School of Statistics and Data Science, Beijing Wuzi University, Beijing 101149, China.
Faculty of Information Technology, Beijing University of Technology, Beijing 100124, China.
Sensors (Basel). 2023 Jul 6;23(13):6190. doi: 10.3390/s23136190.

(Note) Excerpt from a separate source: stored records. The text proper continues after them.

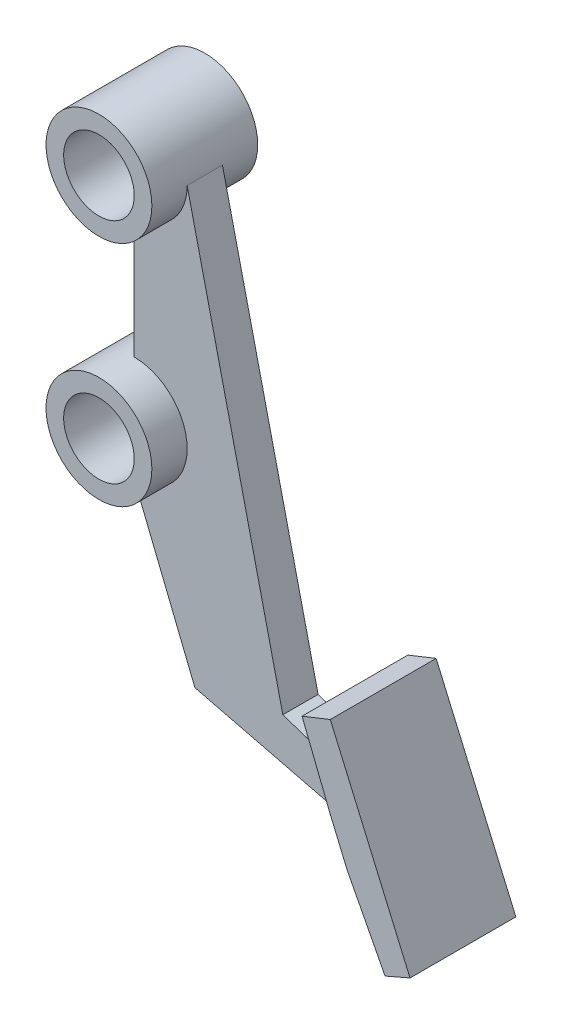
ISO-10303-21;
HEADER;
FILE_DESCRIPTION(('STEP AP214'),'2;1');
FILE_NAME('part.step','',(''),(''),'','','');
FILE_SCHEMA(('AUTOMOTIVE_DESIGN { 1 0 10303 214 1 1 1 1 }'));
ENDSEC;
DATA;
#1=APPLICATION_CONTEXT('core data for automotive mechanical design processes');
#2=APPLICATION_PROTOCOL_DEFINITION('international standard','automotive_design',2000,#1);
#3=PRODUCT_CONTEXT('',#1,'mechanical');
#4=PRODUCT('Part','Part','',(#3));
#5=PRODUCT_RELATED_PRODUCT_CATEGORY('part','',(#4));
#6=PRODUCT_DEFINITION_FORMATION('','',#4);
#7=PRODUCT_DEFINITION_CONTEXT('part definition',#1,'design');
#8=PRODUCT_DEFINITION('design','',#6,#7);
#9=PRODUCT_DEFINITION_SHAPE('','',#8);
#10=(LENGTH_UNIT() NAMED_UNIT(*) SI_UNIT(.MILLI.,.METRE.));
#11=(NAMED_UNIT(*) PLANE_ANGLE_UNIT() SI_UNIT($,.RADIAN.));
#12=(NAMED_UNIT(*) SI_UNIT($,.STERADIAN.) SOLID_ANGLE_UNIT());
#13=UNCERTAINTY_MEASURE_WITH_UNIT(LENGTH_MEASURE(1.E-05),#10,'distance_accuracy_value','');
#14=(GEOMETRIC_REPRESENTATION_CONTEXT(3) GLOBAL_UNCERTAINTY_ASSIGNED_CONTEXT((#13)) GLOBAL_UNIT_ASSIGNED_CONTEXT((#10,
#11,#12)) REPRESENTATION_CONTEXT('',''));
#15=CARTESIAN_POINT('',(0.,0.,0.));
#16=DIRECTION('',(0.,0.,1.));
#17=DIRECTION('',(1.,0.,0.));
#18=AXIS2_PLACEMENT_3D('',#15,#16,#17);
#19=CARTESIAN_POINT('',(0.,0.,5.));
#20=DIRECTION('',(-1.,0.,0.));
#21=DIRECTION('',(0.,0.,1.));
#22=AXIS2_PLACEMENT_3D('',#19,#20,#21);
#23=PLANE('',#22);
#24=DIRECTION('',(0.,1.,0.));
#25=VECTOR('',#24,1.);
#26=CARTESIAN_POINT('',(0.,0.,-5.));
#27=LINE('',#26,#25);
#28=CARTESIAN_POINT('',(0.,15.,-5.));
#29=VERTEX_POINT('',#28);
#30=CARTESIAN_POINT('',(0.,49.6107421590963,-5.));
#31=VERTEX_POINT('',#30);
#32=EDGE_CURVE('E103',#29,#31,#27,.T.);
#33=ORIENTED_EDGE('',*,*,#32,.F.);
#34=DIRECTION('',(0.,0.,-1.));
#35=VECTOR('',#34,1.);
#36=CARTESIAN_POINT('',(0.,15.,5.));
#37=LINE('',#36,#35);
#38=CARTESIAN_POINT('',(0.,15.,5.));
#39=VERTEX_POINT('',#38);
#40=EDGE_CURVE('E50',#39,#29,#37,.T.);
#41=ORIENTED_EDGE('',*,*,#40,.F.);
#42=DIRECTION('',(0.,1.,0.));
#43=VECTOR('',#42,1.);
#44=CARTESIAN_POINT('',(0.,0.,5.));
#45=LINE('',#44,#43);
#46=CARTESIAN_POINT('',(0.,49.6107421590963,5.));
#47=VERTEX_POINT('',#46);
#48=EDGE_CURVE('E109',#39,#47,#45,.T.);
#49=ORIENTED_EDGE('',*,*,#48,.T.);
#50=DIRECTION('',(0.,0.,-1.));
#51=VECTOR('',#50,1.);
#52=CARTESIAN_POINT('',(0.,49.6107421590963,5.));
#53=LINE('',#52,#51);
#54=EDGE_CURVE('E12',#47,#31,#53,.T.);
#55=ORIENTED_EDGE('',*,*,#54,.T.);
#56=EDGE_LOOP('',(#33,#41,#49,#55));
#57=FACE_BOUND('',#56,.T.);
#58=ADVANCED_FACE('F42',(#57),#23,.T.);
#59=CARTESIAN_POINT('',(-5.21039874873487,-2.1053966893587,5.));
#60=DIRECTION('',(-0.927167849264318,-0.374646205493369,0.));
#61=DIRECTION('',(0.374646205493369,-0.927167849264318,0.));
#62=AXIS2_PLACEMENT_3D('',#59,#60,#61);
#63=PLANE('',#62);
#64=DIRECTION('',(-0.374646205493369,0.927167849264318,0.));
#65=VECTOR('',#64,1.);
#66=CARTESIAN_POINT('',(-5.21039874873487,-2.1053966893587,-5.));
#67=LINE('',#66,#65);
#68=CARTESIAN_POINT('',(17.2014048465913,-57.5697345978355,-5.));
#69=VERTEX_POINT('',#68);
#70=CARTESIAN_POINT('',(0.,-15.,-5.));
#71=VERTEX_POINT('',#70);
#72=EDGE_CURVE('E143',#69,#71,#67,.T.);
#73=ORIENTED_EDGE('',*,*,#72,.F.);
#74=DIRECTION('',(0.,0.,-1.));
#75=VECTOR('',#74,1.);
#76=CARTESIAN_POINT('',(17.2014048465913,-57.5697345978355,5.));
#77=LINE('',#76,#75);
#78=CARTESIAN_POINT('',(17.2014048465913,-57.5697345978355,5.));
#79=VERTEX_POINT('',#78);
#80=EDGE_CURVE('E121',#79,#69,#77,.T.);
#81=ORIENTED_EDGE('',*,*,#80,.F.);
#82=DIRECTION('',(-0.374646205493369,0.927167849264318,0.));
#83=VECTOR('',#82,1.);
#84=CARTESIAN_POINT('',(-5.21039874873487,-2.1053966893587,5.));
#85=LINE('',#84,#83);
#86=CARTESIAN_POINT('',(0.,-15.,5.));
#87=VERTEX_POINT('',#86);
#88=EDGE_CURVE('E192',#79,#87,#85,.T.);
#89=ORIENTED_EDGE('',*,*,#88,.T.);
#90=DIRECTION('',(0.,0.,-1.));
#91=VECTOR('',#90,1.);
#92=CARTESIAN_POINT('',(0.,-15.,5.));
#93=LINE('',#92,#91);
#94=EDGE_CURVE('E123',#87,#71,#93,.T.);
#95=ORIENTED_EDGE('',*,*,#94,.T.);
#96=EDGE_LOOP('',(#73,#81,#89,#95));
#97=FACE_BOUND('',#96,.T.);
#98=ADVANCED_FACE('F286',(#97),#63,.T.);
#99=CARTESIAN_POINT('',(-12.4073256588162,-50.2605145229617,5.));
#100=DIRECTION('',(-0.239665674560388,-0.970855480716628,0.));
#101=DIRECTION('',(0.970855480716628,-0.239665674560388,0.));
#102=AXIS2_PLACEMENT_3D('',#99,#100,#101);
#103=PLANE('',#102);
#104=DIRECTION('',(-0.970855480716628,0.239665674560388,0.));
#105=VECTOR('',#104,1.);
#106=CARTESIAN_POINT('',(-12.4073256588162,-50.2605145229617,-5.));
#107=LINE('',#106,#105);
#108=CARTESIAN_POINT('',(70.3210757389239,-70.6828724537803,-5.));
#109=VERTEX_POINT('',#108);
#110=EDGE_CURVE('E145',#109,#69,#107,.T.);
#111=ORIENTED_EDGE('',*,*,#110,.F.);
#112=DIRECTION('',(0.,0.,-1.));
#113=VECTOR('',#112,1.);
#114=CARTESIAN_POINT('',(70.3210757389239,-70.6828724537803,5.));
#115=LINE('',#114,#113);
#116=CARTESIAN_POINT('',(70.3210757389239,-70.6828724537803,5.));
#117=VERTEX_POINT('',#116);
#118=EDGE_CURVE('E119',#117,#109,#115,.T.);
#119=ORIENTED_EDGE('',*,*,#118,.F.);
#120=DIRECTION('',(-0.970855480716628,0.239665674560388,0.));
#121=VECTOR('',#120,1.);
#122=CARTESIAN_POINT('',(-12.4073256588162,-50.2605145229617,5.));
#123=LINE('',#122,#121);
#124=EDGE_CURVE('E187',#117,#79,#123,.T.);
#125=ORIENTED_EDGE('',*,*,#124,.T.);
#126=ORIENTED_EDGE('',*,*,#80,.T.);
#127=EDGE_LOOP('',(#111,#119,#125,#126));
#128=FACE_BOUND('',#127,.T.);
#129=ADVANCED_FACE('F290',(#128),#103,.T.);
#130=CARTESIAN_POINT('',(-11.2720536882183,-34.1292766433985,5.));
#131=DIRECTION('',(0.313613098737151,0.949550853983335,0.));
#132=DIRECTION('',(-0.949550853983335,0.313613098737151,0.));
#133=AXIS2_PLACEMENT_3D('',#130,#131,#132);
#134=PLANE('',#133);
#135=DIRECTION('',(0.949550853983335,-0.313613098737151,0.));
#136=VECTOR('',#135,1.);
#137=CARTESIAN_POINT('',(-11.2720536882183,-34.1292766433985,-5.));
#138=LINE('',#137,#136);
#139=CARTESIAN_POINT('',(42.1191041737359,-51.7630520141547,-5.));
#140=VERTEX_POINT('',#139);
#141=CARTESIAN_POINT('',(65.5792825213485,-59.5113671229842,-5.));
#142=VERTEX_POINT('',#141);
#143=EDGE_CURVE('E107',#140,#142,#138,.T.);
#144=ORIENTED_EDGE('',*,*,#143,.F.);
#145=DIRECTION('',(0.,0.,-1.));
#146=VECTOR('',#145,1.);
#147=CARTESIAN_POINT('',(42.1191041737359,-51.7630520141547,5.));
#148=LINE('',#147,#146);
#149=CARTESIAN_POINT('',(42.1191041737359,-51.7630520141547,5.));
#150=VERTEX_POINT('',#149);
#151=EDGE_CURVE('E58',#150,#140,#148,.T.);
#152=ORIENTED_EDGE('',*,*,#151,.F.);
#153=DIRECTION('',(0.949550853983335,-0.313613098737151,0.));
#154=VECTOR('',#153,1.);
#155=CARTESIAN_POINT('',(-11.2720536882183,-34.1292766433985,5.));
#156=LINE('',#155,#154);
#157=CARTESIAN_POINT('',(65.5792825213485,-59.5113671229842,5.));
#158=VERTEX_POINT('',#157);
#159=EDGE_CURVE('E178',#150,#158,#156,.T.);
#160=ORIENTED_EDGE('',*,*,#159,.T.);
#161=DIRECTION('',(0.,0.,-1.));
#162=VECTOR('',#161,1.);
#163=CARTESIAN_POINT('',(65.5792825213485,-59.5113671229842,5.));
#164=LINE('',#163,#162);
#165=EDGE_CURVE('E116',#158,#142,#164,.T.);
#166=ORIENTED_EDGE('',*,*,#165,.T.);
#167=EDGE_LOOP('',(#144,#152,#160,#166));
#168=FACE_BOUND('',#167,.T.);
#169=ADVANCED_FACE('F177',(#168),#134,.T.);
#170=CARTESIAN_POINT('',(28.5083800829121,6.64343493125239,5.));
#171=DIRECTION('',(0.97390558138489,0.226953560331974,0.));
#172=DIRECTION('',(-0.226953560331974,0.97390558138489,0.));
#173=AXIS2_PLACEMENT_3D('',#170,#171,#172);
#174=PLANE('',#173);
#175=DIRECTION('',(0.226953560331974,-0.97390558138489,0.));
#176=VECTOR('',#175,1.);
#177=CARTESIAN_POINT('',(28.5083800829121,6.64343493125239,-5.));
#178=LINE('',#177,#176);
#179=CARTESIAN_POINT('',(15.,64.6107421590963,-5.));
#180=VERTEX_POINT('',#179);
#181=EDGE_CURVE('E100',#180,#140,#178,.T.);
#182=ORIENTED_EDGE('',*,*,#181,.F.);
#183=DIRECTION('',(0.,0.,-1.));
#184=VECTOR('',#183,1.);
#185=CARTESIAN_POINT('',(15.,64.6107421590963,5.));
#186=LINE('',#185,#184);
#187=CARTESIAN_POINT('',(15.,64.6107421590963,5.));
#188=VERTEX_POINT('',#187);
#189=EDGE_CURVE('E82',#188,#180,#186,.T.);
#190=ORIENTED_EDGE('',*,*,#189,.F.);
#191=DIRECTION('',(0.226953560331974,-0.97390558138489,0.));
#192=VECTOR('',#191,1.);
#193=CARTESIAN_POINT('',(28.5083800829121,6.64343493125239,5.));
#194=LINE('',#193,#192);
#195=EDGE_CURVE('E93',#188,#150,#194,.T.);
#196=ORIENTED_EDGE('',*,*,#195,.T.);
#197=ORIENTED_EDGE('',*,*,#151,.T.);
#198=EDGE_LOOP('',(#182,#190,#196,#197));
#199=FACE_BOUND('',#198,.T.);
#200=ADVANCED_FACE('F106',(#199),#174,.T.);
#201=CARTESIAN_POINT('',(0.,0.,5.));
#202=DIRECTION('',(0.,0.,1.));
#203=DIRECTION('',(1.,0.,0.));
#204=AXIS2_PLACEMENT_3D('',#201,#202,#203);
#205=PLANE('',#204);
#206=CARTESIAN_POINT('',(0.,64.6107421590963,5.));
#207=DIRECTION('',(0.,0.,1.));
#208=DIRECTION('',(1.,0.,0.));
#209=AXIS2_PLACEMENT_3D('',#206,#207,#208);
#210=CIRCLE('',#209,15.);
#211=EDGE_CURVE('E91',#47,#188,#210,.T.);
#212=ORIENTED_EDGE('',*,*,#211,.F.);
#213=ORIENTED_EDGE('',*,*,#48,.F.);
#214=CARTESIAN_POINT('',(0.,0.,5.));
#215=DIRECTION('',(0.,0.,1.));
#216=DIRECTION('',(1.,0.,0.));
#217=AXIS2_PLACEMENT_3D('',#214,#215,#216);
#218=CIRCLE('',#217,15.);
#219=EDGE_CURVE('E135',#87,#39,#218,.T.);
#220=ORIENTED_EDGE('',*,*,#219,.F.);
#221=ORIENTED_EDGE('',*,*,#88,.F.);
#222=ORIENTED_EDGE('',*,*,#124,.F.);
#223=DIRECTION('',(0.390715108289013,-0.92051165345948,0.));
#224=VECTOR('',#223,1.);
#225=CARTESIAN_POINT('',(34.1643330177379,14.5011972683678,5.));
#226=LINE('',#225,#224);
#227=EDGE_CURVE('E183',#158,#117,#226,.T.);
#228=ORIENTED_EDGE('',*,*,#227,.F.);
#229=ORIENTED_EDGE('',*,*,#159,.F.);
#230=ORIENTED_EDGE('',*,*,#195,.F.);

Multiple unmanned aerial vehicles (UAVs) have a greater potential to be widely used in UAV-assisted IoT applications. UAV formation, as an effective way to improve surveillance and security, has been extensively of concern. The leader-follower approach is efficient for UAV formation, as the whole formation system needs to find only the leader's trajectory. This paper studies the leader-follower surveillance system. Owing to different scenarios and assignments, the leading velocity is dynamic. The inevitable communication time delays resulting from information sending, communicating and receiving process bring challenges in the design of real-time UAV formation control. In this paper, the design of UAV formation tracking based on deep reinforcement learning (DRL) is investigated for high mobility scenarios in the presence of communication delay. To be more specific, the optimization UAV formation problem is firstly formulated to be a state error minimization problem by using the quadratic cost function when the communication delay is considered. Then, the delay-informed Markov decision process (DIMDP) is developed by including the previous actions in order to compensate the performance degradation induced by the time delay. Subsequently, an extended-delay informed deep deterministic policy gradient (DIDDPG) algorithm is proposed. Finally, some issues, such as computational complexity analysis and the effect of the time delay are discussed, and then the proposed intelligent algorithm is further extended to the arbitrary communication delay case. Numerical experiments demonstrate that the proposed DIDDPG algorithm can significantly alleviate the performance degradation caused by time delays.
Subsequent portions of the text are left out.